[Given records Boundary: Start]

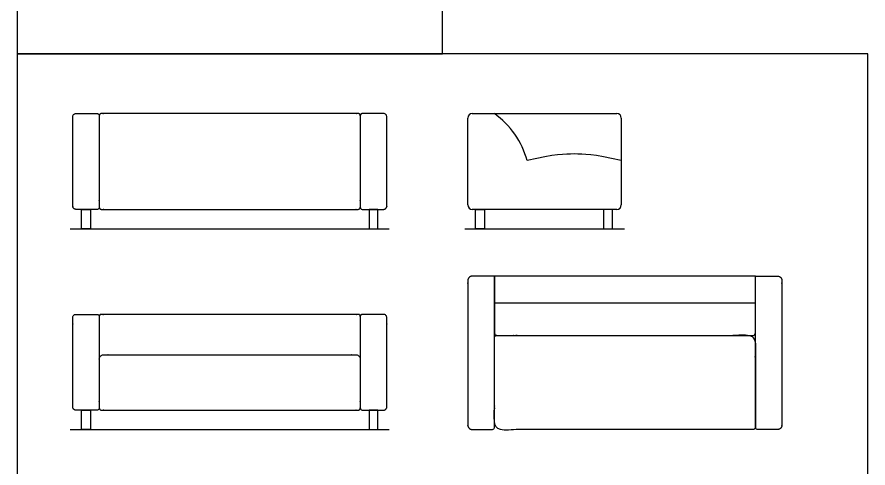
# Model space of a CAD drawing. Header units: metres. Extents: x 0 to 74.2, y -1.2 to 25.5.
# Drawn here: x 0 to 4.877, y 9.959 to 12.545 of the extents above; entities that cross this region are included whole.
import ezdxf

# ---------------------------------------------------------------- set-up
doc = ezdxf.new("R2010")
doc.units = ezdxf.units.M
doc.header["$MEASUREMENT"] = 0
for name, color, linetype, true_color in [('AG-DIAGRAM', 7, 'Continuous', 0xfecc66), ('AG-FURNITURE', 7, 'Continuous', 0x66ccff), ('X-VPRT', 6, 'Continuous', 0xff00ff)]:
    doc.layers.add(name, color=color, linetype=linetype, true_color=true_color)

msp = doc.modelspace()

# ---------------------------------------------------------------- linework, layer by layer
at = {"layer": 'AG-DIAGRAM'}
for points in [[(0.3048, 11.3313), (2.1336, 11.3313)], [(2.5662, 11.3313), (3.4806, 11.3313)], [(0.3048, 10.1799), (2.1336, 10.1799)]]:
    msp.add_lwpolyline(points, dxfattribs=at)
msp.add_open_spline([(3.4631, 11.7218), (3.3026, 11.7599), (3.194, 11.7599), (3.0824, 11.7599), (2.9233, 11.7218), (2.9078, 11.7756), (2.8609, 11.8794), (2.7805, 11.9595), (2.736, 11.9917)], degree=3, knots=[-1.402778, -1.402778, -1.402778, -1.402778, -0.701389, 0, 0, 0, 0.744419, 1.496007, 1.496007, 1.496007, 1.496007], dxfattribs=at)
at = {"layer": 'AG-FURNITURE'}
msp.add_line((4.2314, 11.0594), (2.736, 11.0594), dxfattribs=at)
for points in [[(0.3699, 11.4424), (0.4207, 11.4424), (0.4207, 11.3313), (0.3699, 11.3313)], [(2.0685, 11.4424), (2.0177, 11.4424), (2.0177, 11.3313), (2.0685, 11.3313)], [(2.6281, 11.4424), (2.6789, 11.4424), (2.6789, 11.3313), (2.6281, 11.3313)], [(3.4123, 11.4424), (3.3615, 11.4424), (3.3615, 11.3313), (3.4123, 11.3313)], [(2.736, 11.0594), (2.736, 10.907), (4.2314, 10.907), (4.2314, 11.0594)], [(0.3699, 10.2911), (0.4207, 10.2911), (0.4207, 10.1799), (0.3699, 10.1799)], [(2.0685, 10.2911), (2.0177, 10.2911), (2.0177, 10.1799), (2.0685, 10.1799)]]:
    msp.add_lwpolyline(points, close=True, dxfattribs=at)
for centre, start, end in [((2.609, 11.9663), 90, 180), ((3.4377, 11.9663), 0, 90), ((2.609, 11.4678), 180, 270), ((3.4377, 11.4678), 270, 0)]:
    msp.add_arc(centre, 0.0254, start, end, dxfattribs=at)
for points, weights, knots in [([(0.4715, 11.979), (0.4715, 11.9917), (0.4588, 11.9917), (0.3921, 11.9917), (0.3381, 11.9917), (0.3191, 11.9917), (0.3191, 11.9726), (0.3191, 11.7171), (0.3191, 11.4615), (0.3191, 11.4424), (0.3381, 11.4424), (0.3921, 11.4424), (0.4588, 11.4424), (0.4715, 11.4424), (0.4715, 11.4551), (0.4715, 11.7171), (0.4715, 11.979)], [1, 0.707106781187, 1, 1, 1, 0.707106781187, 1, 1, 1, 0.707106781187, 1, 1, 1, 0.707106781186, 1, 1, 1], [0, 0, 0, 0.06545, 0.06545, 0.419617, 0.419617, 0.517791, 0.517791, 2.534169, 2.534169, 2.632344, 2.632344, 2.98651, 2.98651, 3.05196, 3.05196, 5.118434, 5.118434, 5.118434]), ([(1.9669, 11.979), (1.9669, 11.9917), (1.9796, 11.9917), (2.0463, 11.9917), (2.1003, 11.9917), (2.1193, 11.9917), (2.1193, 11.9726), (2.1193, 11.7171), (2.1193, 11.4615), (2.1193, 11.4424), (2.1003, 11.4424), (2.0463, 11.4424), (1.9796, 11.4424), (1.9669, 11.4424), (1.9669, 11.4551), (1.9669, 11.7171), (1.9669, 11.979)], [1, 0.707106781187, 1, 1, 1, 0.707106781187, 1, 1, 1, 0.707106781187, 1, 1, 1, 0.707106781186, 1, 1, 1], [0, 0, 0, 0.06545, 0.06545, 0.419617, 0.419617, 0.517791, 0.517791, 2.534169, 2.534169, 2.632344, 2.632344, 2.98651, 2.98651, 3.05196, 3.05196, 5.118434, 5.118434, 5.118434]), ([(2.736, 11.0594), (2.736, 10.626), (2.736, 10.1926), (2.736, 10.1799), (2.7233, 10.1799), (2.6598, 10.1799), (2.609, 10.1799), (2.5836, 10.1799), (2.5836, 10.2053), (2.5836, 10.6197), (2.5836, 11.034), (2.5836, 11.0594), (2.609, 11.0594), (2.6662, 11.0594), (2.736, 11.0594)], [1, 1, 1, 0.707106781187, 1, 1, 1, 0.707106781187, 1, 1, 1, 0.707106781187, 1, 1, 1], [9.959716, 9.959716, 9.959716, 12.803466, 12.803466, 12.868916, 12.868916, 13.202249, 13.202249, 13.333149, 13.333149, 16.051899, 16.051899, 16.182799, 16.182799, 16.557799, 16.557799, 16.557799]), ([(2.736, 11.0594), (2.736, 10.8959), (2.736, 10.7324), (2.736, 10.7197), (2.7487, 10.7197), (3.4837, 10.7197), (4.2187, 10.7197), (4.2314, 10.7197), (4.2314, 10.7324), (4.2314, 10.8959), (4.2314, 11.0594)], [1, 1, 1, 0.707106781187, 1, 1, 1, 0.707106781186, 1, 1, 1], [0, 0, 0, 0.441199, 0.441199, 0.506649, 0.506649, 4.673239, 4.673239, 4.738689, 4.738689, 5.179888, 5.179888, 5.179888]), ([(4.2314, 11.0594), (4.2314, 10.626), (4.2314, 10.1926), (4.2314, 10.1799), (4.2441, 10.1799), (4.3076, 10.1799), (4.3584, 10.1799), (4.3838, 10.1799), (4.3838, 10.2053), (4.3838, 10.6197), (4.3838, 11.034), (4.3838, 11.0594), (4.3584, 11.0594), (4.3013, 11.0594), (4.2314, 11.0594)], [1, 1, 1, 0.707106781187, 1, 1, 1, 0.707106781187, 1, 1, 1, 0.707106781187, 1, 1, 1], [9.959716, 9.959716, 9.959716, 12.803466, 12.803466, 12.868916, 12.868916, 13.202249, 13.202249, 13.333149, 13.333149, 16.051899, 16.051899, 16.182799, 16.182799, 16.557799, 16.557799, 16.557799]), ([(0.4715, 10.8276), (0.4715, 10.8403), (0.4588, 10.8403), (0.3921, 10.8403), (0.3381, 10.8403), (0.3191, 10.8403), (0.3191, 10.8213), (0.3191, 10.5657), (0.3191, 10.3101), (0.3191, 10.2911), (0.3381, 10.2911), (0.3921, 10.2911), (0.4588, 10.2911), (0.4715, 10.2911), (0.4715, 10.3038), (0.4715, 10.5657), (0.4715, 10.8276)], [1, 0.707106781187, 1, 1, 1, 0.707106781187, 1, 1, 1, 0.707106781187, 1, 1, 1, 0.707106781186, 1, 1, 1], [0, 0, 0, 0.06545, 0.06545, 0.419617, 0.419617, 0.517791, 0.517791, 2.534169, 2.534169, 2.632344, 2.632344, 2.98651, 2.98651, 3.05196, 3.05196, 5.118434, 5.118434, 5.118434]), ([(1.9669, 10.8276), (1.9669, 10.8403), (1.9796, 10.8403), (2.0463, 10.8403), (2.1003, 10.8403), (2.1193, 10.8403), (2.1193, 10.8213), (2.1193, 10.5657), (2.1193, 10.3101), (2.1193, 10.2911), (2.1003, 10.2911), (2.0463, 10.2911), (1.9796, 10.2911), (1.9669, 10.2911), (1.9669, 10.3038), (1.9669, 10.5657), (1.9669, 10.8276)], [1, 0.707106781187, 1, 1, 1, 0.707106781187, 1, 1, 1, 0.707106781187, 1, 1, 1, 0.707106781186, 1, 1, 1], [0, 0, 0, 0.06545, 0.06545, 0.419617, 0.419617, 0.517791, 0.517791, 2.534169, 2.534169, 2.632344, 2.632344, 2.98651, 2.98651, 3.05196, 3.05196, 5.118434, 5.118434, 5.118434]), ([(4.2187, 10.1799), (4.2314, 10.1799), (4.2314, 10.1926), (4.2314, 10.4498), (4.2314, 10.707), (4.2314, 10.7197), (4.2187, 10.7197), (3.4837, 10.7197), (2.7487, 10.7197), (2.736, 10.7197), (2.736, 10.707), (2.736, 10.4498), (2.736, 10.1926), (2.736, 10.1799), (2.7487, 10.1799), (3.4837, 10.1799), (4.2187, 10.1799)], [1, 0.707106781187, 1, 1, 1, 0.707106781186, 1, 1, 1, 0.707106781187, 1, 1, 1, 0.707106781187, 1, 1, 1], [0, 0, 0, 0.06545, 0.06545, 1.75295, 1.75295, 1.8184, 1.8184, 5.071419, 5.071419, 5.136869, 5.136869, 6.824369, 6.824369, 6.889819, 6.889819, 10.142838, 10.142838, 10.142838]), ([(0.4715, 10.5832), (0.4715, 10.6086), (0.4969, 10.6086), (0.8517, 10.6086), (1.2192, 10.6086), (1.5867, 10.6086), (1.9415, 10.6086), (1.9669, 10.6086), (1.9669, 10.5832)], [1, 0.707106781187, 1, 1, 1, 1, 1, 0.707106781187, 1], [-5.495483, -5.495483, -5.495483, -5.364583, -5.364583, -0.458333, -0.458333, 4.447917, 4.447917, 4.578816, 4.578816, 4.578816])]:
    msp.add_rational_spline(points, weights, degree=2, knots=knots, dxfattribs=at)
for points, knots in [([(1.9669, 11.979), (1.9669, 11.9917), (1.9542, 11.9917), (1.5931, 11.9917), (1.2192, 11.9917), (0.8453, 11.9917), (0.4842, 11.9917), (0.4715, 11.9917), (0.4715, 11.979)], [0, 0, 0, 0.083333, 0.083333, 5.03125, 5.03125, 9.979167, 9.979167, 10.0625, 10.0625, 10.0625]), ([(0.4715, 11.4551), (0.4715, 11.4424), (0.4842, 11.4424), (0.8453, 11.4424), (1.2192, 11.4424), (1.5931, 11.4424), (1.9542, 11.4424), (1.9669, 11.4424), (1.9669, 11.4551)], [-5.838374, -5.838374, -5.838374, -5.75504, -5.75504, 0, 0, 5.75504, 5.75504, 5.838374, 5.838374, 5.838374]), ([(1.9669, 10.8276), (1.9669, 10.8403), (1.9542, 10.8403), (1.5931, 10.8403), (1.2192, 10.8403), (0.8453, 10.8403), (0.4842, 10.8403), (0.4715, 10.8403), (0.4715, 10.8276)], [0, 0, 0, 0.083333, 0.083333, 5.03125, 5.03125, 9.979167, 9.979167, 10.0625, 10.0625, 10.0625]), ([(0.4715, 10.3038), (0.4715, 10.2911), (0.4842, 10.2911), (0.8453, 10.2911), (1.2192, 10.2911), (1.5931, 10.2911), (1.9542, 10.2911), (1.9669, 10.2911), (1.9669, 10.3038)], [-5.838374, -5.838374, -5.838374, -5.75504, -5.75504, 0, 0, 5.75504, 5.75504, 5.838374, 5.838374, 5.838374])]:
    msp.add_open_spline(points, degree=2, knots=knots, dxfattribs=at)
for points in [[(2.5836, 11.4678), (2.5836, 11.7171), (2.5836, 11.9663)], [(2.609, 11.9917), (3.0234, 11.9917), (3.4377, 11.9917)], [(3.4631, 11.9663), (3.4631, 11.7171), (3.4631, 11.4678)], [(3.4377, 11.4424), (3.0234, 11.4424), (2.609, 11.4424)]]:
    msp.add_open_spline(points, degree=2, dxfattribs=at)
at = {"layer": 'X-VPRT'}
for points in [[(0, 13.9907), (0, 12.3336), (2.4384, 12.3336), (2.4384, 13.9907)], [(0, 12.3336), (0, 9.8952), (4.8768, 9.8952), (4.8768, 12.3336)]]:
    msp.add_lwpolyline(points, close=True, dxfattribs=at)

doc.saveas('drawing.dxf')

[Given records Boundary: End]

All that is wanted is the run of lines from the start of the material through the line that holds "msp.add_lwpolyline(points, dxfattribs=at)", retyped exactly, with no pictures.

# Model space of a CAD drawing. Header units: metres. Extents: x 0 to 74.2, y -1.2 to 25.5.
# Drawn here: x 0 to 4.877, y 9.959 to 12.545 of the extents above; entities that cross this region are included whole.
import ezdxf

# ---------------------------------------------------------------- set-up
doc = ezdxf.new("R2010")
doc.units = ezdxf.units.M
doc.header["$MEASUREMENT"] = 0
for name, color, linetype, true_color in [('AG-DIAGRAM', 7, 'Continuous', 0xfecc66), ('AG-FURNITURE', 7, 'Continuous', 0x66ccff), ('X-VPRT', 6, 'Continuous', 0xff00ff)]:
    doc.layers.add(name, color=color, linetype=linetype, true_color=true_color)

msp = doc.modelspace()

# ---------------------------------------------------------------- linework, layer by layer
at = {"layer": 'AG-DIAGRAM'}
for points in [[(0.3048, 11.3313), (2.1336, 11.3313)], [(2.5662, 11.3313), (3.4806, 11.3313)], [(0.3048, 10.1799), (2.1336, 10.1799)]]:
    msp.add_lwpolyline(points, dxfattribs=at)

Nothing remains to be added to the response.